然而让北山感到意外的是,他甚至愿意让麦金泰尔修养好身体后,将之放回去的想法,也被对方连声拒绝。
“我是亚尼法特亚南部军团的将军,既没有守住南部的土地,也没有让麾下的战士获得胜利,独自回去的话,是没脸再见元帅大人了,北山阁下如果还看得起我,那请给我一把匕首吧。”
北山回忆起当时麦金泰尔对他说出的这番话,心里感慨万千,这世上不论是敌是友,能够直面死亡者,总是让人充满敬佩的。
因此,他最终在劝解无果后,同意了麦金泰尔的请求,给对方留下了一把锋利的匕首。
而麦金泰尔,先是朝本想和他一同赴死的伊桑,交代了几句临终遗言。
随后,他便强撑着站起,穿好南部军团将军的制服,面向北方,用匕首刺入了自己的心窝。
对于这样一位用生命诠释何为军人尊严的敌人,北山当然不会让麦金泰尔的遗体被草草处置掉,他原本想着派人送给凯兰,让凯兰去为麦金泰尔举行一场盛大的葬礼。
但是,这个提议,却又被那位副官参谋长伊桑给拒绝了。
“北山阁下,将军大人他是南部军团的将军,这里也是他从军三十年一直没离开过的土地,我想,他一定会希望葬在穆萨城中的。
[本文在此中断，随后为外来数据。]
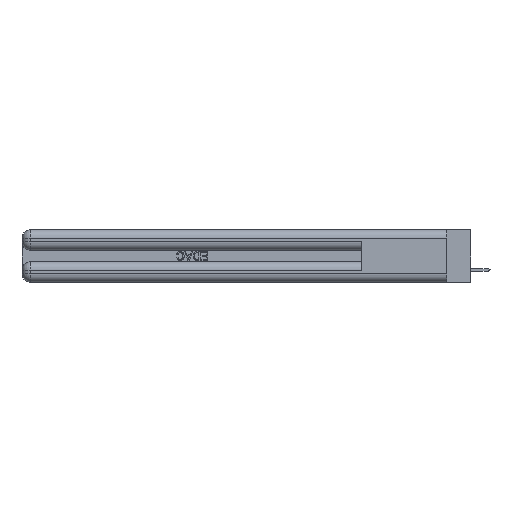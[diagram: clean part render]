
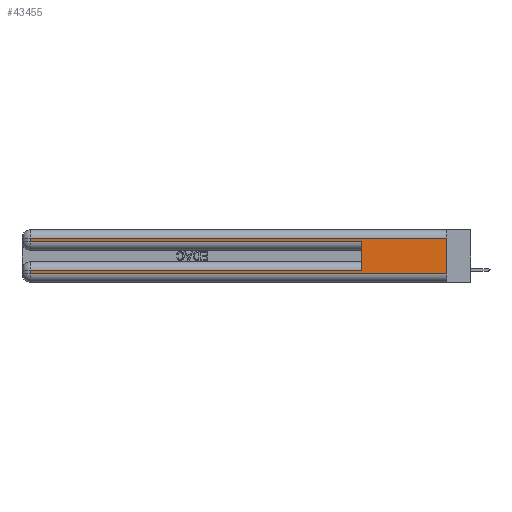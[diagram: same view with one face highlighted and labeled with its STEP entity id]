
A CAD part, left-side view. The second image highlights one B-rep face of the part: STEP entity #43455.
In plain terms, the highlighted planar face has unit normal (-1, 0, 0).
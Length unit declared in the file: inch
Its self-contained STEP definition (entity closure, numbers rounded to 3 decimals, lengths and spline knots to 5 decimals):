
#20 = CARTESIAN_POINT ( 'NONE',  ( 0., 0.6, 0.145 ) ) ;
#284 = CARTESIAN_POINT ( 'NONE',  ( 0., 0.6, 0.085 ) ) ;
#834 = EDGE_CURVE ( 'NONE', #37505, #22793, #4975, .T. ) ;
#1159 = DIRECTION ( 'NONE',  ( 0., 0., -1. ) ) ;
#2160 = VECTOR ( 'NONE', #34840, 39.37008 ) ;
#3232 = CARTESIAN_POINT ( 'NONE',  ( 0., 2.94, 0.06 ) ) ;
#3685 = CARTESIAN_POINT ( 'NONE',  ( 0., 0., 0.31 ) ) ;
#3703 = ORIENTED_EDGE ( 'NONE', *, *, #16407, .T. ) ;
#4476 = EDGE_LOOP ( 'NONE', ( #12189, #3703, #28364, #42176, #42385, #27705, #30077, #8336 ) ) ;
#4538 = CARTESIAN_POINT ( 'NONE',  ( 0., 2.94, 0.37 ) ) ;
#4975 = LINE ( 'NONE', #4538, #10320 ) ;
#4989 = VERTEX_POINT ( 'NONE', #284 ) ;
#6305 = CARTESIAN_POINT ( 'NONE',  ( 0., 2.94, 0.285 ) ) ;
#6882 = LINE ( 'NONE', #13213, #20121 ) ;
#7914 = LINE ( 'NONE', #3685, #26862 ) ;
#8336 = ORIENTED_EDGE ( 'NONE', *, *, #38955, .T. ) ;
#9229 = DIRECTION ( 'NONE',  ( 0., 1., 0. ) ) ;
#9255 = EDGE_CURVE ( 'NONE', #26108, #31446, #39727, .T. ) ;
#9378 = CARTESIAN_POINT ( 'NONE',  ( 0., 0., 0.37 ) ) ;
#9463 = VERTEX_POINT ( 'NONE', #19950 ) ;
#10320 = VECTOR ( 'NONE', #1159, 39.37008 ) ;
#10837 = VECTOR ( 'NONE', #29204, 39.37008 ) ;
#12189 = ORIENTED_EDGE ( 'NONE', *, *, #43386, .F. ) ;
#13213 = CARTESIAN_POINT ( 'NONE',  ( 0., 0., 0.37 ) ) ;
#13436 = PLANE ( 'NONE',  #15129 ) ;
#13776 = LINE ( 'NONE', #38680, #22173 ) ;
#14162 = CARTESIAN_POINT ( 'NONE',  ( 0., 0., 0.06 ) ) ;
#15129 = AXIS2_PLACEMENT_3D ( 'NONE', #9378, #30518, #43973 ) ;
#16407 = EDGE_CURVE ( 'NONE', #34095, #26108, #7914, .T. ) ;
#17411 = DIRECTION ( 'NONE',  ( 0., 1., 0. ) ) ;
#18924 = CARTESIAN_POINT ( 'NONE',  ( 0., 0.6, 0.285 ) ) ;
#19950 = CARTESIAN_POINT ( 'NONE',  ( 0., 0., 0.06 ) ) ;
#20072 = DIRECTION ( 'NONE',  ( 0., 0., 1. ) ) ;
#20121 = VECTOR ( 'NONE', #37030, 39.37008 ) ;
#20255 = CARTESIAN_POINT ( 'NONE',  ( 0., 0., 0.085 ) ) ;
#22173 = VECTOR ( 'NONE', #41162, 39.37008 ) ;
#22793 = VERTEX_POINT ( 'NONE', #3232 ) ;
#23824 = EDGE_CURVE ( 'NONE', #31446, #27534, #13776, .T. ) ;
#24269 = EDGE_CURVE ( 'NONE', #4989, #37505, #40022, .T. ) ;
#25682 = CARTESIAN_POINT ( 'NONE',  ( 0., 2.94, 0.085 ) ) ;
#26108 = VERTEX_POINT ( 'NONE', #35461 ) ;
#26862 = VECTOR ( 'NONE', #17411, 39.37008 ) ;
#27221 = LINE ( 'NONE', #14162, #2160 ) ;
#27534 = VERTEX_POINT ( 'NONE', #18924 ) ;
#27705 = ORIENTED_EDGE ( 'NONE', *, *, #24269, .T. ) ;
#28364 = ORIENTED_EDGE ( 'NONE', *, *, #9255, .T. ) ;
#29204 = DIRECTION ( 'NONE',  ( 0., 0., -1. ) ) ;
#30077 = ORIENTED_EDGE ( 'NONE', *, *, #834, .T. ) ;
#30518 = DIRECTION ( 'NONE',  ( 1., 0., 0. ) ) ;
#31163 = EDGE_CURVE ( 'NONE', #4989, #27534, #37357, .T. ) ;
#31446 = VERTEX_POINT ( 'NONE', #6305 ) ;
#32129 = CARTESIAN_POINT ( 'NONE',  ( 0., 2.94, 0.37 ) ) ;
#34095 = VERTEX_POINT ( 'NONE', #36744 ) ;
#34840 = DIRECTION ( 'NONE',  ( 0., -1., 0. ) ) ;
#35461 = CARTESIAN_POINT ( 'NONE',  ( 0., 2.94, 0.31 ) ) ;
#36744 = CARTESIAN_POINT ( 'NONE',  ( 0., 0., 0.31 ) ) ;
#37030 = DIRECTION ( 'NONE',  ( 0., 0., -1. ) ) ;
#37357 = LINE ( 'NONE', #20, #40545 ) ;
#37505 = VERTEX_POINT ( 'NONE', #25682 ) ;
#38680 = CARTESIAN_POINT ( 'NONE',  ( 0., 0., 0.285 ) ) ;
#38955 = EDGE_CURVE ( 'NONE', #22793, #9463, #27221, .T. ) ;
#39727 = LINE ( 'NONE', #32129, #10837 ) ;
#40022 = LINE ( 'NONE', #20255, #41537 ) ;
#40545 = VECTOR ( 'NONE', #20072, 39.37008 ) ;
#41162 = DIRECTION ( 'NONE',  ( 0., -1., 0. ) ) ;
#41537 = VECTOR ( 'NONE', #9229, 39.37008 ) ;
#42176 = ORIENTED_EDGE ( 'NONE', *, *, #23824, .T. ) ;
#42385 = ORIENTED_EDGE ( 'NONE', *, *, #31163, .F. ) ;
#43386 = EDGE_CURVE ( 'NONE', #34095, #9463, #6882, .T. ) ;
#43455 = ADVANCED_FACE ( 'NONE', ( #44407 ), #13436, .F. ) ;
#43973 = DIRECTION ( 'NONE',  ( 0., 0., -1. ) ) ;
#44407 = FACE_OUTER_BOUND ( 'NONE', #4476, .T. ) ;

”伊桑当时这样说道。
北山在考虑过后,也就同意了伊桑的请求,他还想着等麦金泰尔下葬,他亲自去祭奠一番,但被修斯给否决了,认为以北山的身份,过去祭奠一个敌人的将军,似乎怎么看都不太好。
因此,在命令战士们为麦金泰尔修筑了一座足以彰显身份的坟墓后,北山只得拜托修斯替自己去送一程,以此表明他个人对麦金泰尔的敬意。
这一点修斯倒没反对,还很乐意过去,用他的话来说就是:“我去就差不多了,给死去的麦金泰尔一些我们的尊重,还能收拢穆萨城里的人心。”
而此时修斯过来,当然也就是他刚才说的那样,才从麦金泰尔的墓地离开。